Alan Moore é o Deus adulto das HQ’s. Pra muita gente essa é única verdade a se seguir desde que Watchmen saiu dos seus dedos e das unhas sujas de Dave Gibbons pra mudar o jogo na nona-arte, mostrando que quadrinhos também podem ser coisa pra poucos adultos, já que a maioria não estava preparada para uma dose letárgica de Moore. Aquelas que libertam nossa cabeça, e nos mergulham num nível sensorial abissal de experiências com a mídia que o escritor devotou sua vida inteira, elevando os patamares do seu campo de batalha, antes de poder voar com as suas próprias asas, e com Um Pequeno Assassinato ele finalmente consegue essa pretensão, ou melhor, essa necessidade, numa excelente parceria essencial com o também veterano desenhista Oscar Zárate.

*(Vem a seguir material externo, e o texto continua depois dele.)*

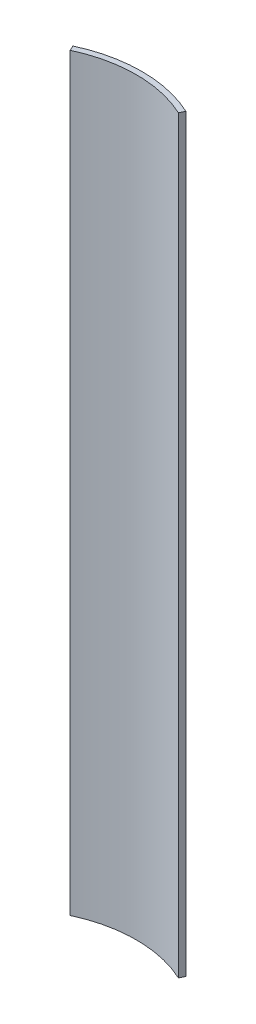
SolidWorks part; units mm, degrees
ref_plane "Front Plane" through (0, 0, 0) normal (0, 0, 1) x (1, 0, 0)
ref_plane "Top Plane" through (0, 0, 0) normal (0, 1, 0) x (1, 0, 0)
ref_plane "Right Plane" through (0, 0, 0) normal (1, 0, 0) x (0, 0, -1)
sketch "Sketch1" plane through (0, 0, 0) normal (0, 1, 0) x (1, 0, 0)
  line L0 (-30.8617, 66.1831) -> (-32.2035, 69.0607)
  line L1 (30.8617, 66.1831) -> (32.2035, 69.0607)
  line L2 (0, 0) -> (0, 76.2) construction
  arc A0 (32.2035, 69.0607) -> (-32.2035, 69.0607) centre (0, 0) ccw
  arc A1 (30.8617, 66.1831) -> (-30.8617, 66.1831) centre (0, 0) ccw
  dimension "D1" = 152.4
  dimension "D2" = 3.175
  dimension "D3" = 25
  dimension "D4" = 25
extrude "Boss-Extrude1" add sketch "Sketch1" along normal blind 427.1518

Temos aqui uma obra repleta de camadas que merecem ser descobertas e redescobertas ao longo de surpreendentes releituras. Quando Moore enfim se livrou dos super-heróis que lhes deram um prestígio nunca antes almejado por um escritor de quadrinhos, ele metaforizou, através da figura de Timothy Hole (um publicitário atormentado por seu passado relutante) o seu cansaço e sua própria repulsa por todo o mercado editorial norte-americano comandado pelas velhas DC e Marvel Comics. Assim, o mago britânico escolheu esta história e seu desenhista colaborador para poder respirar, ser um artista livre, fiel a si mesmo, tornando visível a partir de situações e imagens psicodélicas, e múltiplas associações entre realidade e ficção, um passado que o caça, e que ele (Timothy Hole) renega até o fim. Bem antes da sua conclusão, porém, a proposta de se produzir uma obra literária inquietante e maliciosa é nítida desde o início, como, é claro, não poderia deixar de ser.
Ilustrando as andanças do recluso e misterioso Timothy, percebemos passo por passo que seu tormento não mora em encontrar soluções criativas para divulgar um produto em determinado local (rotina de todo publicitário), mas em ser perseguido pela figura “inconveniente” de um menino que, real ou não, é vivo e significativo demais para ser ignorado. Um Pequeno Assassinato não é icônico, ninguém fará spin-offs hollywoodianos sobre ele, mas é uma ode a todo homem comum cujo passado complicado e conflituoso merece ser visto pelo viés do extraordinário, e do encantamento que o cotidiano mata e não nos deixa observar, olhando pra trás. Juntando suas palavras com os traços e as ideias inconfundíveis de Zárate, tal encantamento torna-se irresistível ao traduzir em imagens repletas de cores e formas e enquadramentos impressionantes a pressão psicológica e emocional que o próprio Moore sentiu, tentando desvincular-se de uma indústria que queria comprar sua alma.
Leitores não devem ser subestimados, receptor nenhum, a bem da verdade, uma vez que podemos sentir quando um artista atua para expurgar seus demônios através do que faz, e aqui não é diferente, com doses cavalares de uma inteligência e elegância a toda prova. A versão brasileira desta graphic novel, termo para quadrinhos encadernados que Alan Moore e seus desenhistas colaboradores tornaram mundialmente populares após tantas empreitadas históricas nos anos 80 e 90, não poderia ser de fato superior. A editora Pipoca e Nanquim realiza aqui um admirável trabalho de revitalização qualitativa da obra original, evidenciando os méritos e prestígios artísticos do livro num tratamento impecável, página por página, contando com a tradução eloquente de Marília Toledo em pequenos grandes momentos que refletem, com perfeição, a força dramática que a dupla empregou, no seu idioma autêntico. Nada mais respeitoso a uma das melhores crias (sem exageros) de um gênio literário dos nossos tempos.